Encyclopedia Of Detroit

Kelvinator Corporation

The Kelvinator Corporation, a pioneer in automatic refrigeration technology, had its roots in 1914 with Buick executives Edmund J. Copeland and Arnold H. Goss. In Detroit, inventor Nathaniel B. Wales pitched the entrepreneurs his idea for an automatic refrigeration machine for the home. Within two years, Wales presented them with the first functioning model, and the Electro-Automatic Refrigerating Company was established in 1916. Just two months later, the company was renamed the Kelvinator Corporation in honor of Lord Kelvin, the British physicist who discovered absolute zero and established the Kelvin temperature scale.

Production began with installing separate cooling units in normal ice boxes, adding a bulky condenser unit that was usually stored in a basement or room separate from the refrigerator. Then, in 1918, the company began purchasing porcelain-lined ice boxes from the Grand Rapids Refrigeration Company. In 1925, the Kelvinator Corporation produced the industry’s first self-contained electric home refrigerator. Rapid growth of production and sales encouraged the corporation to buy out the Grand Rapids Refrigeration Company in 1926, renaming it the Kelvinator-Leonard Refrigerator Company. Charles Leonard was a founding member of the Grand Rapids company. They maintained the Leonard line, known for high-end and stylish refrigerators, which complimented the standard Kelvinator line. The corporation also produced the world’s first two-door household refrigerator in 1934.
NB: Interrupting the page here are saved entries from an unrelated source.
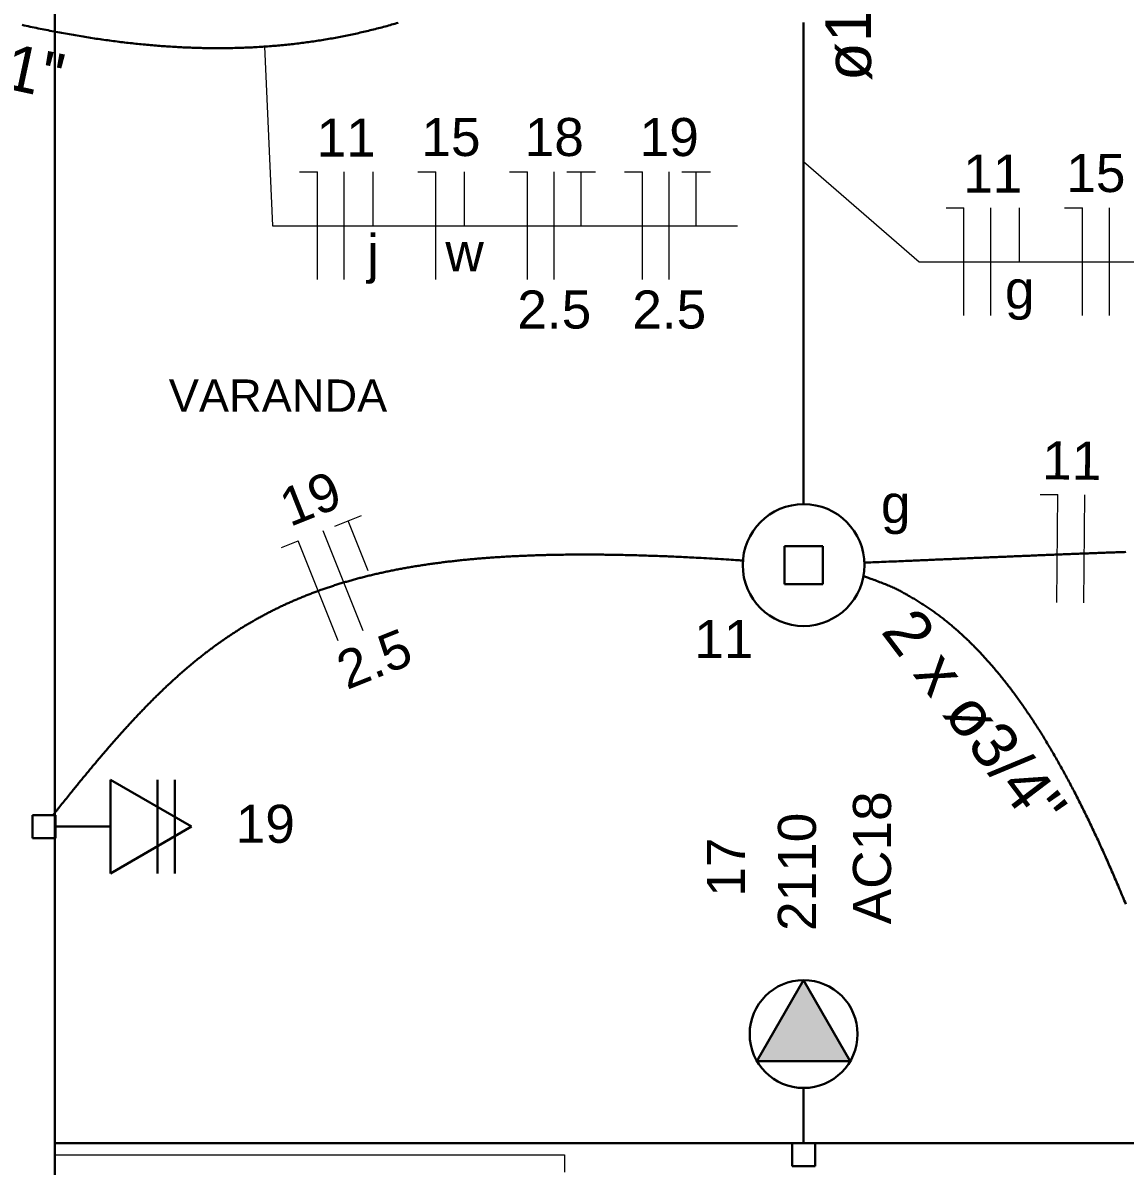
# Model space of a CAD drawing. Header units: millimetres. Extents: x 0 to 55.3, y 20.8 to 61.4.
# Drawn here: x 3.504 to 6.059, y 43.472 to 46.123 of the extents above; entities that cross this region are included whole.
import ezdxf

# ---------------------------------------------------------------- set-up
doc = ezdxf.new("R2010")
doc.units = ezdxf.units.MM
for name, color, linetype, lineweight in [('ARQ_-_ALV_5', 1, 'Continuous', 30), ('ARQ_-_DENÍVEL', 1, 'Continuous', 30), ('ARQ_-_TXT__15', 54, 'Continuous', 5), ('EL-Condutos', 4, 'Continuous', 30), ('EL-Fios', 2, 'Continuous', 20), ('EL-Textos_condutos', 2, 'Continuous', 20), ('EL-Textos_fios', 2, 'Continuous', 20), ('EL-Textos_pontos', 2, 'Continuous', 30), ('FINA', 8, 'Continuous', 5), ('P-SIMBOL', 3, 'Continuous', 30)]:
    doc.layers.add(name, color=color, linetype=linetype, lineweight=lineweight)
doc.styles.add('Arial', font='Arial')
doc.styles.add('simplex', font='Arial')

msp = doc.modelspace()

# ---------------------------------------------------------------- hatches: boundary and pattern name
at = {"layer": 'P-SIMBOL', "linetype": 'Continuous'}
for points in [[(5.314002, 43.715899), (5.314002, 43.903399), (5.205752, 43.715899)], [(5.314002, 43.715899), (5.314002, 43.903399), (5.422252, 43.715899)]]:
    msp.add_hatch(color=256, dxfattribs=at).paths.add_polyline_path(points)

# ---------------------------------------------------------------- linework, layer by layer
at = {"layer": 'ARQ_-_ALV_5'}
msp.add_line((3.578002, 43.375499), (3.578002, 47.925499), dxfattribs=at)
at = {"layer": 'ARQ_-_DENÍVEL'}
msp.add_line((7.050002, 43.525499), (3.578002, 43.525499), dxfattribs=at)
at = {"layer": 'EL-Condutos', "linetype": 'Continuous', "flags": 128}
for points in [[(4.374137, 46.123474), (4.37032, 46.122352), (4.3665, 46.121242), (4.362708, 46.120151), (4.358913, 46.11907), (4.355115, 46.118), (4.351314, 46.11694), (4.34751, 46.115891), (4.343704, 46.114852), (4.339894, 46.113824), (4.336082, 46.112806), (4.332266, 46.111799), (4.328449, 46.110803), (4.324628, 46.109816), (4.320804, 46.108841), (4.316978, 46.107876), (4.31315, 46.106922), (4.309318, 46.105978), (4.305484, 46.105045), (4.301648, 46.104123), (4.297809, 46.103212), (4.293967, 46.102311), (4.290123, 46.10142), (4.286286, 46.100543), (4.282447, 46.099677), (4.278606, 46.098821), (4.274762, 46.097976), (4.270916, 46.097141), (4.267067, 46.096317), (4.263217, 46.095504), (4.259364, 46.094701), (4.255508, 46.09391), (4.251651, 46.093129), (4.247792, 46.092358), (4.24393, 46.091598), (4.240066, 46.090849), (4.2362, 46.090111), (4.232333, 46.089384), (4.228463, 46.088667), (4.224591, 46.08796), (4.220717, 46.087265), (4.216842, 46.08658), (4.212964, 46.085906), (4.209073, 46.085241), (4.20518, 46.084586), (4.201285, 46.083943), (4.197389, 46.08331), (4.19349, 46.082687), (4.18959, 46.082076), (4.185689, 46.081475), (4.181785, 46.080885), (4.177881, 46.080306), (4.173974, 46.079737), (4.170066, 46.079179), (4.166157, 46.078632), (4.162246, 46.078096), (4.158333, 46.07757), (4.154419, 46.077054), (4.150504, 46.07655), (4.146587, 46.076056), (4.142669, 46.075573), (4.13875, 46.0751), (4.13483, 46.074638), (4.130874, 46.074183), (4.126918, 46.073738), (4.12296, 46.073304), (4.119001, 46.072881), (4.115041, 46.072469), (4.11108, 46.072067), (4.107118, 46.071676), (4.103154, 46.071296), (4.09919, 46.070926), (4.095225, 46.070567), (4.091259, 46.070219), (4.087291, 46.069881), (4.083323, 46.069553), (4.079355, 46.069236), (4.075385, 46.06893), (4.071414, 46.068634), (4.067443, 46.068348), (4.063471, 46.068073), (4.059499, 46.067808), (4.055525, 46.067554), (4.051496, 46.067307), (4.047467, 46.06707), (4.043436, 46.066844), (4.039406, 46.066629), (4.035374, 46.066424), (4.031342, 46.06623), (4.02731, 46.066046), (4.023277, 46.065872), (4.019244, 46.065709), (4.01521, 46.065557), (4.011176, 46.065414), (4.007142, 46.065282), (4.003107, 46.065161), (3.999072, 46.065049), (3.995036, 46.064948), (3.991001, 46.064857), (3.986965, 46.064776), (3.982929, 46.064705), (3.978893, 46.064644), (3.974857, 46.064594), (3.970745, 46.064553), (3.966633, 46.064522), (3.962521, 46.064501), (3.958409, 46.064491), (3.954297, 46.064491), (3.950185, 46.064501), (3.946073, 46.064522), (3.941961, 46.064552), (3.937849, 46.064593), (3.933737, 46.064644), (3.929625, 46.064705), (3.925514, 46.064775), (3.921402, 46.064856), (3.917291, 46.064947), (3.91318, 46.065047), (3.90907, 46.065157), (3.904959, 46.065277), (3.900849, 46.065407), (3.89674, 46.065546), (3.89263, 46.065696), (3.888426, 46.065858), (3.884223, 46.066031), (3.88002, 46.066213), (3.875817, 46.066406), (3.871615, 46.066608), (3.867413, 46.06682), (3.863212, 46.067042), (3.859011, 46.067274), (3.854811, 46.067515), (3.850612, 46.067767), (3.846413, 46.068027), (3.842214, 46.068298), (3.838017, 46.068577), (3.833819, 46.068867), (3.829623, 46.069165), (3.825427, 46.069473), (3.821232, 46.069791), (3.817038, 46.070117), (3.812844, 46.070453), (3.808651, 46.070798), (3.804346, 46.071162), (3.800042, 46.071536), (3.795739, 46.071919), (3.791437, 46.072311), (3.787135, 46.072713), (3.782834, 46.073124), (3.778535, 46.073545), (3.774236, 46.073975), (3.769938, 46.074414), (3.765641, 46.074863), (3.761345, 46.07532), (3.75705, 46.075787), (3.752756, 46.076262), (3.748463, 46.076747), (3.744171, 46.077241), (3.73988, 46.077743), (3.73559, 46.078254), (3.731301, 46.078774), (3.727013, 46.079303), (3.722726, 46.07984), (3.718311, 46.080403), (3.713897, 46.080975), (3.709485, 46.081556), (3.705073, 46.082145), (3.700663, 46.082744), (3.696254, 46.083352), (3.691846, 46.083968), (3.68744, 46.084593), (3.683034, 46.085227), (3.67863, 46.08587), (3.674227, 46.086521), (3.669826, 46.087181), (3.665426, 46.087849), (3.661027, 46.088526), (3.656629, 46.089211), (3.652233, 46.089905), (3.647838, 46.090606), (3.643444, 46.091316), (3.639052, 46.092035), (3.634661, 46.092761), (3.630127, 46.09352), (3.625594, 46.094287), (3.621063, 46.095063), (3.616533, 46.095847), (3.612005, 46.096639), (3.607478, 46.09744), (3.602953, 46.09825), (3.598429, 46.099067), (3.593907, 46.099893), (3.589386, 46.100726), (3.584867, 46.101568), (3.580349, 46.102418), (3.575832, 46.103276), (3.571318, 46.104142), (3.566804, 46.105015), (3.562292, 46.105896), (3.557782, 46.106785), (3.553273, 46.107682), (3.548766, 46.108587), (3.54426, 46.109499), (3.539598, 46.11045), (3.534938, 46.11141), (3.530279, 46.112378), (3.525622, 46.113354), (3.520966, 46.114337), (3.516312, 46.115328), (3.51166, 46.116327), (3.507009, 46.117334), (3.50236, 46.118348)], [(5.314002, 45.00789), (5.314002, 45.008201), (5.314002, 45.009106), (5.314002, 45.010566), (5.314002, 45.012538), (5.314002, 45.014984), (5.314002, 45.017862), (5.314002, 45.021132), (5.314002, 45.024754), (5.314002, 45.028686), (5.314002, 45.032889), (5.314002, 45.037322), (5.314002, 45.041944), (5.314002, 45.046715), (5.314002, 45.051594), (5.314002, 45.056542), (5.314002, 45.061517), (5.314002, 45.066479), (5.314002, 45.071387), (5.314002, 45.076201), (5.314002, 45.08088), (5.314002, 45.085141), (5.314002, 45.089256), (5.314002, 45.093236), (5.314002, 45.097089), (5.314002, 45.100826), (5.314002, 45.104457), (5.314002, 45.107992), (5.314002, 45.111441), (5.314002, 45.114814), (5.314002, 45.11812), (5.314002, 45.12137), (5.314002, 45.124573), (5.314002, 45.12774), (5.314002, 45.13088), (5.314002, 45.134004), (5.314002, 45.13712), (5.314002, 45.14024), (5.314002, 45.143374), (5.314002, 45.14653), (5.314002, 45.149719), (5.314002, 45.152767), (5.314002, 45.155851), (5.314002, 45.158968), (5.314002, 45.162116), (5.314002, 45.165292), (5.314002, 45.168495), (5.314002, 45.171721), (5.314002, 45.174969), (5.314002, 45.178235), (5.314002, 45.181518), (5.314002, 45.184814), (5.314002, 45.188122), (5.314002, 45.191438), (5.314002, 45.194762), (5.314002, 45.198089), (5.314002, 45.201418), (5.314002, 45.204746), (5.314002, 45.208072), (5.314002, 45.211391), (5.314002, 45.214702), (5.314002, 45.217823), (5.314002, 45.220935), (5.314002, 45.224039), (5.314002, 45.227135), (5.314002, 45.230224), (5.314002, 45.233307), (5.314002, 45.236384), (5.314002, 45.239455), (5.314002, 45.242522), (5.314002, 45.245585), (5.314002, 45.248645), (5.314002, 45.251702), (5.314002, 45.254756), (5.314002, 45.257809), (5.314002, 45.260861), (5.314002, 45.263913), (5.314002, 45.266965), (5.314002, 45.270017), (5.314002, 45.273071), (5.314002, 45.276127), (5.314002, 45.279023), (5.314002, 45.281921), (5.314002, 45.284821), (5.314002, 45.287723), (5.314002, 45.290627), (5.314002, 45.293532), (5.314002, 45.296439), (5.314002, 45.299347), (5.314002, 45.302256), (5.314002, 45.305167), (5.314002, 45.308078), (5.314002, 45.310989), (5.314002, 45.313901), (5.314002, 45.316814), (5.314002, 45.319727), (5.314002, 45.32264), (5.314002, 45.325553), (5.314002, 45.328466), (5.314002, 45.331378), (5.314002, 45.33429), (5.314002, 45.337053), (5.314002, 45.339815), (5.314002, 45.342577), (5.314002, 45.345339), (5.314002, 45.3481), (5.314002, 45.35086), (5.314002, 45.35362), (5.314002, 45.35638), (5.314002, 45.35914), (5.314002, 45.361899), (5.314002, 45.364659), (5.314002, 45.367418), (5.314002, 45.370176), (5.314002, 45.372935), (5.314002, 45.375694), (5.314002, 45.378453), (5.314002, 45.381211), (5.314002, 45.38397), (5.314002, 45.386729), (5.314002, 45.389488), (5.314002, 45.392113), (5.314002, 45.394739), (5.314002, 45.397365), (5.314002, 45.399991), (5.314002, 45.402617), (5.314002, 45.405244), (5.314002, 45.40787), (5.314002, 45.410496), (5.314002, 45.413123), (5.314002, 45.41575), (5.314002, 45.418376), (5.314002, 45.421003), (5.314002, 45.423629), (5.314002, 45.426256), (5.314002, 45.428883), (5.314002, 45.43151), (5.314002, 45.434136), (5.314002, 45.436763), (5.314002, 45.43939), (5.314002, 45.442017), (5.314002, 45.444525), (5.314002, 45.447032), (5.314002, 45.44954), (5.314002, 45.452048), (5.314002, 45.454556), (5.314002, 45.457064), (5.314002, 45.459572), (5.314002, 45.46208), (5.314002, 45.464588), (5.314002, 45.467095), (5.314002, 45.469603), (5.314002, 45.472111), (5.314002, 45.474619), (5.314002, 45.477126), (5.314002, 45.479634), (5.314002, 45.482142), (5.314002, 45.48465), (5.314002, 45.487157), (5.314002, 45.489665), (5.314002, 45.492173), (5.314002, 45.494577), (5.314002, 45.496981), (5.314002, 45.499385), (5.314002, 45.501789), (5.314002, 45.504193), (5.314002, 45.506597), (5.314002, 45.509001), (5.314002, 45.511405), (5.314002, 45.513809), (5.314002, 45.516213), (5.314002, 45.518617), (5.314002, 45.521021), (5.314002, 45.523425), (5.314002, 45.525829), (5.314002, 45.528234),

In 1937, the Kelvinator Corporation merged with Nash Motor Company. Nash Motors wanted the expertise of Kelvinator President George W. Mason, a production engineer who worked for numerous car companies before coming to Kelvinator. He presided at Kelvinator from 1928-36, then served as president of the new company, Nash-Kelvinator, from 1936-54. During World War II, the corporation functioned as part of the Arsenal of Democracy, producing aeronautic parts. Later in the war, Nash-Kelvinator produced over half of the Sikorsky R-6 helicopters, the first military helicopter to be used in a war. Normal refrigerator production resumed postwar, and the company expanded by 1952 to manufacture other home appliances like ranges, washers, and driers.

In 1954, Nash-Kelvinator Corporation was part of the largest corporate merger to date when Nash and Hudson Motors consolidated into the American Motors Corporation. Production continued at American Motors until 1968, when rights to the Kelvinator brand were sold to White Consolidated Industries, which was subsequently bought out by A.B. Electrolux in 1986, marking the final passage of the Kelvinator brand. The brand is still being marketed, although mainly in countries outside the United States. The Kelvinator legacy is not completely gone from United States manufacturing however: in 1999, seventy percent of all freezers produced in the U.S. were still made in former Kelvinator factories owned by Electrolux International.